PROBLEM STATEMENT:
Nothing outside the range below should be printed. Output exactly the lines from the line with "72) (layer F.SilkS)" to the line with "96.774) (width 0.25) (layer F.Cu) (net 2))", both included.

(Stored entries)
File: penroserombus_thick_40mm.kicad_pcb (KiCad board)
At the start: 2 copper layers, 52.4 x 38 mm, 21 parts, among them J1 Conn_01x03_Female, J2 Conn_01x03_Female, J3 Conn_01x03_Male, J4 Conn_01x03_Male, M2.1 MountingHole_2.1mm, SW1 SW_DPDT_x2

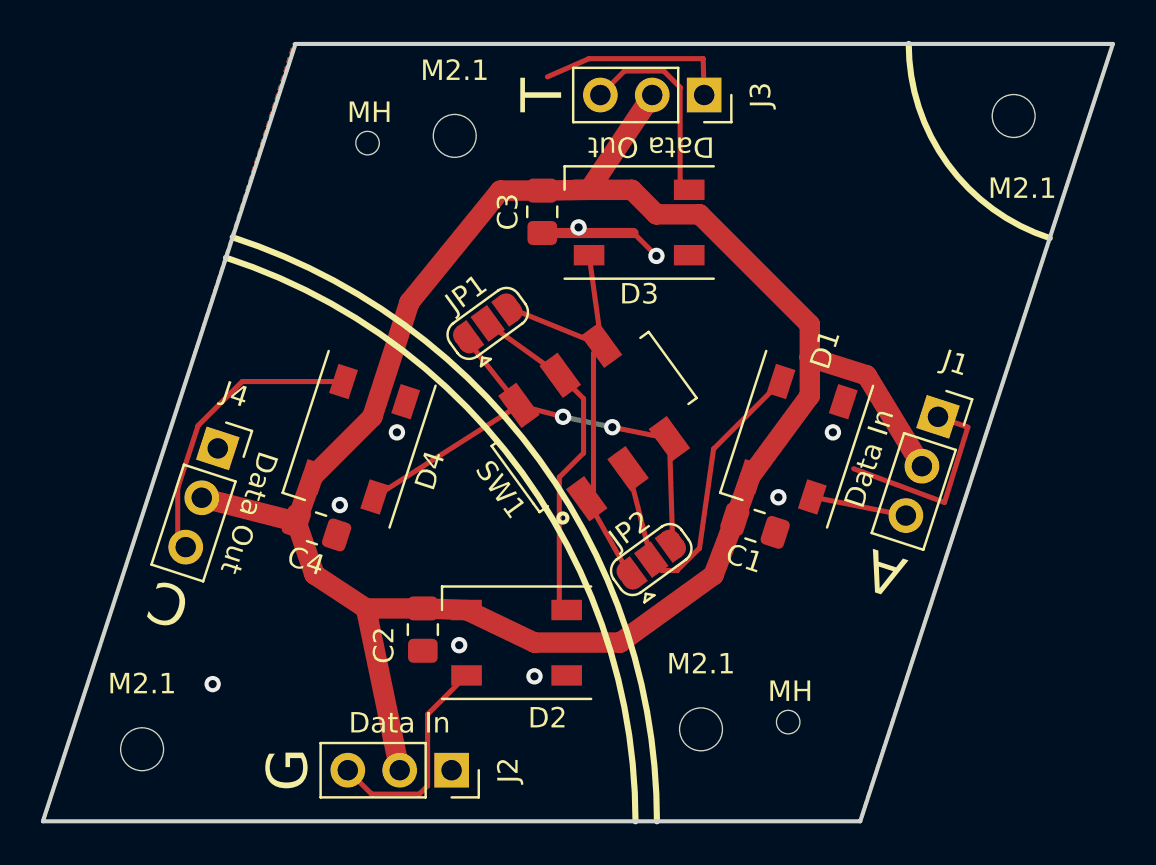
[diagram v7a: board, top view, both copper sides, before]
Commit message: shifted ports  on penrose rhombi to enforce all matching rules. fixed flipped ports on penrose dart.
going to make new gerbers later.
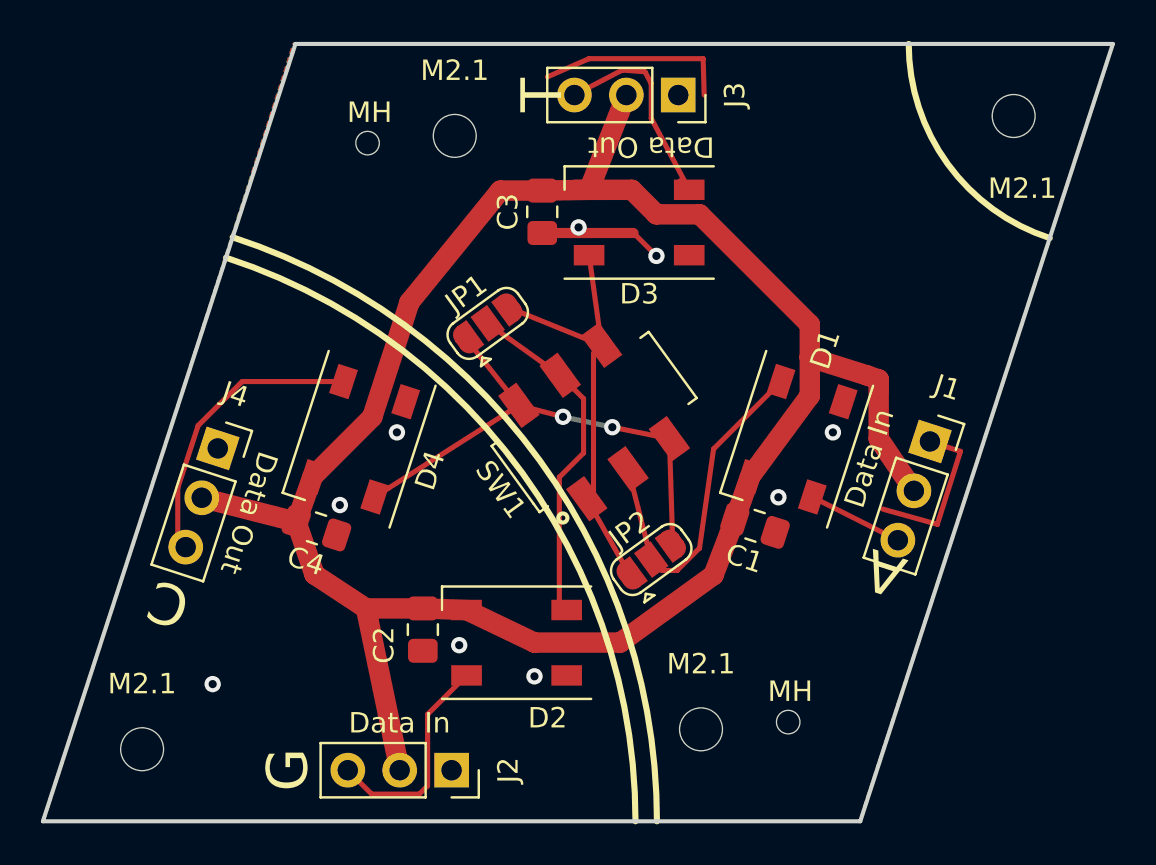
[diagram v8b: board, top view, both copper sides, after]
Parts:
- moved J1 1.27 mm to (164.3, 95.4)
- moved J3 1.27 mm to (151.9, 78.5)
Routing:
- net GND: track 25.8 -> 23.7 mm
- net VCC: track 102.0 -> 102.8 mm
- net Net-(D3-Pad4): track 9.92 -> 10.7 mm
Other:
- board text added: "Gnd Vcc Data"
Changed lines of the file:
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@@
   (general
     (thickness 1.6)
-    (drawings 28)
-    (tracks 87)
+    (drawings 32)
+    (tracks 90)
     (zones 0)
     (modules 21)
@@
     )
   )
-  (module Connector_PinSocket_2.54mm:PinSocket_1x03_P2.54mm_Vertical locked (layer F.Cu)
-    (at 164.654318 94.234587 342)
+  (module Connector_PinSocket_2.54mm:PinSocket_1x03_P2.54mm_Vertical (layer F.Cu)
+    (at 164.261635 95.440951 342)
     (descr "Through hole straight socket strip, 1x03, 2.54mm pitch, single row (from Kicad 4.0.7), script generated")
     (tags "Through hole socket strip THT 1x03 2.54mm single row")
@@
     )
   )
-  (module Connector_PinSocket_2.54mm:PinSocket_1x03_P2.54mm_Vertical locked (layer F.Cu)
-    (at 153.2123 78.486 270)
+  (module Connector_PinSocket_2.54mm:PinSocket_1x03_P2.54mm_Vertical (layer F.Cu)
+    (at 151.943635 78.486676 270)
     (descr "Through hole straight socket strip, 1x03, 2.54mm pitch, single row (from Kicad 4.0.7), script generated")
     (tags "Through hole socket strip THT 1x03 2.54mm single row")
@@
     )
   )
+  (gr_text "Gnd\nVcc\nData" (at 129.5908 98.679 342) (layer B.SilkS)
+    (effects (font (size 1.5 1.5) (thickness 0.375)) (justify right mirror))
+  )
+  (gr_text "Gnd\nVcc\nData" (at 162.7886 96.3422 342) (layer B.SilkS)
+    (effects (font (size 1.5 1.5) (thickness 0.375)) (justify left mirror))
+  )
+  (gr_text "Gnd\nVcc\nData" (at 138.2776 110.5408 270) (layer B.SilkS)
+    (effects (font (size 1.5 1.5) (thickness 0.375)) (justify left mirror))
+  )
+  (gr_text "Gnd\nVcc\nData" (at 150.749 79.4512 270) (layer B.SilkS)
+    (effects (font (size 1.5 1.5) (thickness 0.375)) (justify right mirror))
+  )
   (gr_text "Data In" (at 161.29 96.266 72) (layer F.SilkS)
     (effects (font (size 1 1) (thickness 0.15)))
@@
   (segment (start 155.458843 97.167356) (end 154.715279 99.247395) (width 1) (layer F.Cu) (net 1))
   (segment (start 145.288 83.1635) (end 147.581513 83.125141) (width 1) (layer F.Cu) (net 1))
-  (segment (start 147.581513 83.125141) (end 150.6723 78.486) (width 1) (layer F.Cu) (net 1))
   (segment (start 139.446 103.6105) (end 136.662962 103.6105) (width 1) (layer F.Cu) (net 1))
   (segment (start 158.380327 89.713953) (end 152.991516 84.325142) (width 1) (layer F.Cu) (net 1))
@@
   (segment (start 133.252279 99.374395) (end 134.142017 101.950983) (width 1) (layer F.Cu) (net 1))
   (segment (start 134.142017 101.950983) (end 136.662962 103.6105) (width 1) (layer F.Cu) (net 1))
-  (segment (start 163.869415 96.650271) (end 161.163 92.202) (width 1) (layer F.Cu) (net 1))
   (segment (start 161.163 92.202) (end 158.380327 91.324327) (width 1) (layer F.Cu) (net 1))
   (segment (start 158.380327 91.324327) (end 158.380327 89.713953) (width 1) (layer F.Cu) (net 1))
@@
   (segment (start 149.098 105.283) (end 153.67 101.981) (width 1) (layer F.Cu) (net 1))
   (segment (start 153.67 101.981) (end 154.715279 99.247395) (width 1) (layer F.Cu) (net 1))
+  (segment (start 149.403635 78.486676) (end 147.581513 83.125141) (width 1) (layer F.Cu) (net 1))
+  (segment (start 163.476732 97.856635) (end 161.75228 95.3008) (width 1) (layer F.Cu) (net 1))
+  (segment (start 161.75228 95.3008) (end 161.754736 92.405284) (width 1) (layer F.Cu) (net 1))
+  (segment (start 161.754736 92.405284) (end 161.163 92.202) (width 1) (layer F.Cu) (net 1))
   (via (at 141.224 105.41) (size 0.8) (drill 0.4) (layers F.Cu B.Cu) (net 2))
   (via (at 138.176 94.996) (size 0.8) (drill 0.4) (layers F.Cu B.Cu) (net 2))
@@
   (segment (start 149.7545 85.2385) (end 150.876 86.36) (width 0.25) (layer F.Cu) (net 2))
   (segment (start 145.288 85.2385) (end 149.7545 85.2385) (width 0.5) (layer F.Cu) (net 2))
-  (segment (start 164.654318 94.234587) (end 166.116 94.742) (width 0.25) (layer F.Cu) (net 2))
-  (segment (start 166.116 94.742) (end 164.973 98.425) (width 0.25) (layer F.Cu) (net 2))
-  (segment (start 164.973 98.425) (end 160.528 96.774) (width 0.25) (layer F.Cu) (net 2))
-  (segment (start 163.084512 99.065954) (end 158.502224 98.156211) (width 0.25) (layer F.Cu) (net 3))
+  (segment (start 164.261635 95.440951) (end 165.75532 95.92564) (width 0.25) (layer F.Cu) (net 2))
+  (segment (start 165.75532 95.92564) (end 164.62248 99.49434) (width 0.25) (layer F.Cu) (net 2))
+  (segment (start 164.62248 99.49434) (end 161.94532 98.74758) (width 0.25) (layer F.Cu) (net 2))
+  (segment (start 162.691829 100.272318) (end 158.502224 98.156211) (width 0.25) (layer F.Cu) (net 3))
   (segment (start 149.488493 96.773473) (end 150.622 101.219) (width 0.25) (layer F.Cu) (net 4))
   (segment (start 153.673275 95.80693) (end 156.973026 92.507179) (width 0.25) (layer F.Cu) (net 4))
@@
   (segment (start 147.581513 86.325141) (end 148.190049 90.733064) (width 0.25) (layer F.Cu) (net 7))
   (segment (start 152.037299 82.680927) (end 152.481513 83.125141) (width 0.25) (layer F.Cu) (net 8))
-  (segment (start 152.037299 78.111997) (end 152.037299 82.680927) (width 0.25) (layer F.Cu) (net 8))
-  (segment (start 151.236301 77.310999) (end 152.037299 78.111997) (width 0.25) (layer F.Cu) (net 8))
-  (segment (start 149.307301 77.310999) (end 151.236301 77.310999) (width 0.25) (layer F.Cu) (net 8))
-  (segment (start 148.1323 78.486) (end 149.307301 77.310999) (width 0.25) (layer F.Cu) (net 8))
+  (segment (start 152.481513 83.125141) (end 150.622 79.629) (width 0.25) (layer F.Cu) (net 8))
+  (segment (start 149.1996 77.2668) (end 146.863635 78.486676) (width 0.25) (layer F.Cu) (net 8))
+  (segment (start 150.313814 77.346386) (end 150.622 77.9272) (width 0.25) (layer F.Cu) (net 8))
+  (segment (start 150.622 79.629) (end 150.622 77.9272) (width 0.25) (layer F.Cu) (net 8))
+  (segment (start 150.313814 77.346386) (end 149.1996 77.2668) (width 0.25) (layer F.Cu) (net 8))
   (segment (start 130.605662 92.507179) (end 135.561695 92.507179) (width 0.25) (layer F.Cu) (net 9))
   (segment (start 127.839795 100.611039) (end 127.449697 100.220941) (width 0.25) (layer F.Cu) (net 9))

EXERCISE RESPONSE:
   (gr_text "Data In" (at 161.29 96.266 72) (layer F.SilkS)
     (effects (font (size 1 1) (thickness 0.15)))
@@
   (segment (start 155.458843 97.167356) (end 154.715279 99.247395) (width 1) (layer F.Cu) (net 1))
   (segment (start 145.288 83.1635) (end 147.581513 83.125141) (width 1) (layer F.Cu) (net 1))
-  (segment (start 147.581513 83.125141) (end 150.6723 78.486) (width 1) (layer F.Cu) (net 1))
   (segment (start 139.446 103.6105) (end 136.662962 103.6105) (width 1) (layer F.Cu) (net 1))
   (segment (start 158.380327 89.713953) (end 152.991516 84.325142) (width 1) (layer F.Cu) (net 1))
@@
   (segment (start 133.252279 99.374395) (end 134.142017 101.950983) (width 1) (layer F.Cu) (net 1))
   (segment (start 134.142017 101.950983) (end 136.662962 103.6105) (width 1) (layer F.Cu) (net 1))
-  (segment (start 163.869415 96.650271) (end 161.163 92.202) (width 1) (layer F.Cu) (net 1))
   (segment (start 161.163 92.202) (end 158.380327 91.324327) (width 1) (layer F.Cu) (net 1))
   (segment (start 158.380327 91.324327) (end 158.380327 89.713953) (width 1) (layer F.Cu) (net 1))
@@
   (segment (start 149.098 105.283) (end 153.67 101.981) (width 1) (layer F.Cu) (net 1))
   (segment (start 153.67 101.981) (end 154.715279 99.247395) (width 1) (layer F.Cu) (net 1))
+  (segment (start 149.403635 78.486676) (end 147.581513 83.125141) (width 1) (layer F.Cu) (net 1))
+  (segment (start 163.476732 97.856635) (end 161.75228 95.3008) (width 1) (layer F.Cu) (net 1))
+  (segment (start 161.75228 95.3008) (end 161.754736 92.405284) (width 1) (layer F.Cu) (net 1))
+  (segment (start 161.754736 92.405284) (end 161.163 92.202) (width 1) (layer F.Cu) (net 1))
   (via (at 141.224 105.41) (size 0.8) (drill 0.4) (layers F.Cu B.Cu) (net 2))
   (via (at 138.176 94.996) (size 0.8) (drill 0.4) (layers F.Cu B.Cu) (net 2))
@@
   (segment (start 149.7545 85.2385) (end 150.876 86.36) (width 0.25) (layer F.Cu) (net 2))
   (segment (start 145.288 85.2385) (end 149.7545 85.2385) (width 0.5) (layer F.Cu) (net 2))
-  (segment (start 164.654318 94.234587) (end 166.116 94.742) (width 0.25) (layer F.Cu) (net 2))
-  (segment (start 166.116 94.742) (end 164.973 98.425) (width 0.25) (layer F.Cu) (net 2))
-  (segment (start 164.973 98.425) (end 160.528 96.774) (width 0.25) (layer F.Cu) (net 2))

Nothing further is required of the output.